Later, I had a Corona on the patio of La Casa en El Aire Libre, an international café in the funky Bellavista neighborhood, which I’d highly recommend. Then, it was off to El Romano, our final stop, a hole-in-the-wall bar Mauricio remembered from his younger days. In a room lit by a single bulb, we sipped a couple of cheap but good Chilean beers. Mauricio requested Toto’s “Africa” on the jukebox and sang along. And then Juan, Mauricio’s best friend, arrived to drive me to the airport for the last leg of my journey to Punta Arenas.

While I’m sure I could have managed Santiago alone, I would not have felt so at ease or welcome to the country without the company someone as eager to share as my companion for the day. Gracias, Mauricio!

From me, a resounding 'No sé'

The most common response I give when people ask me the specifics of what I’ll be doing in Chile is, “Ummm, I’m not really sure about that.” Sometimes, I try to piece together the things I do know into a short paragraph:“I’ll be living in staff housing, and I’ll be able to put my valuables in furniture with a key.” (That’s the English translation of “mueble con llave,” right? I’m thinking a trunk.)

Or, “I’ll be leading visitors on trips in the park… How long? Ummm. One day. Or maybe three, or four. I’m not really sure.”

“A work Visa? I shouldn't have problems getting one… The Chilean consulate says I need an FBI background check, an HIV test and to be pre-approved, but my employers tell me I don’t need any official documents, and I get it once I’m in Chile. I'm going with the latter.”

So, that’s how it goes, me describing my future. Basically, yo no sé.

I got as many answers as I could when I talked with my future employer over the phone that one time (in Spanish, which perhaps explains some of the black holes). In subsequent e-mails, I asked many questions, usually organized in bullet points, but I usually had to satisfy myself with an answer like, “It’ll all work out.
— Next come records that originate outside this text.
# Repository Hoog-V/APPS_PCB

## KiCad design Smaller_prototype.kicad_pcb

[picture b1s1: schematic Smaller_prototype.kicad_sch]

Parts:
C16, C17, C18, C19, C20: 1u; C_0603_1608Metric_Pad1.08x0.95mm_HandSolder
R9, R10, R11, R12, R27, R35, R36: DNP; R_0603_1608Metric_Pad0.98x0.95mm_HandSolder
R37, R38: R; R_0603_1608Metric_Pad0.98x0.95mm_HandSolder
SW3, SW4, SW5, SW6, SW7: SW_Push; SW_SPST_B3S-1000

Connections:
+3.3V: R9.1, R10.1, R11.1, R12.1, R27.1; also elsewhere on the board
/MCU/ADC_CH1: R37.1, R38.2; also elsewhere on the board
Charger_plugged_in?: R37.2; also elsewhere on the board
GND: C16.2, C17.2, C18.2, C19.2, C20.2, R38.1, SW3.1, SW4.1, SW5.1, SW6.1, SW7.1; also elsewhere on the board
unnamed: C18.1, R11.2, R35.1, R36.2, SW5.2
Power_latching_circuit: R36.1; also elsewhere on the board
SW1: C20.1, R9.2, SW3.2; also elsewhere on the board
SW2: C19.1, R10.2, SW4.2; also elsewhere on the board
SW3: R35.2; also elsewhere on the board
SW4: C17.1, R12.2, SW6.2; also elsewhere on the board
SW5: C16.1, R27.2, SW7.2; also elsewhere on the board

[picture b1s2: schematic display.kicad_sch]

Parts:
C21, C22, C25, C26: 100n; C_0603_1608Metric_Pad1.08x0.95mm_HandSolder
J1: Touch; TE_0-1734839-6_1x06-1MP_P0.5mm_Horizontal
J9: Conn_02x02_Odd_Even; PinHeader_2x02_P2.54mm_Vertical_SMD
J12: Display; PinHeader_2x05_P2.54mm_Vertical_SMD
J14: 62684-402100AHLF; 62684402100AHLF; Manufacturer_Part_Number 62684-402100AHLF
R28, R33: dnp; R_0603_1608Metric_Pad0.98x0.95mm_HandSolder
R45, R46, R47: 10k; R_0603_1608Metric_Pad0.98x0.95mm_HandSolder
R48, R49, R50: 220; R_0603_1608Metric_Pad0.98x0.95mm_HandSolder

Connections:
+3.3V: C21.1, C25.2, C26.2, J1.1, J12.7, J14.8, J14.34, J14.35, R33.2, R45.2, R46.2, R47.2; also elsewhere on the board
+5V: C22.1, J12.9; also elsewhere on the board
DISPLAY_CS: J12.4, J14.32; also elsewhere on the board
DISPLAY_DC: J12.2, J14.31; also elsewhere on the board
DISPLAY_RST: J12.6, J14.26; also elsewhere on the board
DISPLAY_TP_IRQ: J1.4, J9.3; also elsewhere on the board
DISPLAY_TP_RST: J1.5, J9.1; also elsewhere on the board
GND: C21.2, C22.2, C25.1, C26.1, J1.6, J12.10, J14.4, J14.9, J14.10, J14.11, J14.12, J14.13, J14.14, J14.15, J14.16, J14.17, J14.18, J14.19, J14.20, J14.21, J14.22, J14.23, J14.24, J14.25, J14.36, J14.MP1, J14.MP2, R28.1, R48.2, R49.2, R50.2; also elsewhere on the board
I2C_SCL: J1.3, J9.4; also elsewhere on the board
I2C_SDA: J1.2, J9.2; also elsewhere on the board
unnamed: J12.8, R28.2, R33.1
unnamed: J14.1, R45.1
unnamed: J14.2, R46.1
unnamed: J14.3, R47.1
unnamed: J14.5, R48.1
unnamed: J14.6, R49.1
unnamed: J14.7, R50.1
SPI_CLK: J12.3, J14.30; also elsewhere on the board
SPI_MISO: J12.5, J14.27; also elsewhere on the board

No te preocupes.”

I’m not used to operating on so little information and such blind faith, but I hate to let a few unanswered questions hold me back from the chance to live and work in Chile.

As I sit at gate E11 in the Miami airport, behind newlyweds returning from their honeymoon, I wonder if I’m putting too much trust in people I only vaguely know. Once my plane lands in Punta Arenas 29 hours from now, I’ll begin to find out.

Adios Chattanooga, hola Chile!

After more than two years of writing for the Chattanooga Times Free Press, I quit my job. No longer will I write about what the children of Hamilton County are learning in their classrooms and whether the school board thinks seatbelts on buses improve safety. I am moving to Chile, to the Torres del Paine National Park way down at the Southern tip of the country. Someone I met there two years ago when helping repair the park’s most damaged trails offered me a job — actually, two — last month. I start on Monday.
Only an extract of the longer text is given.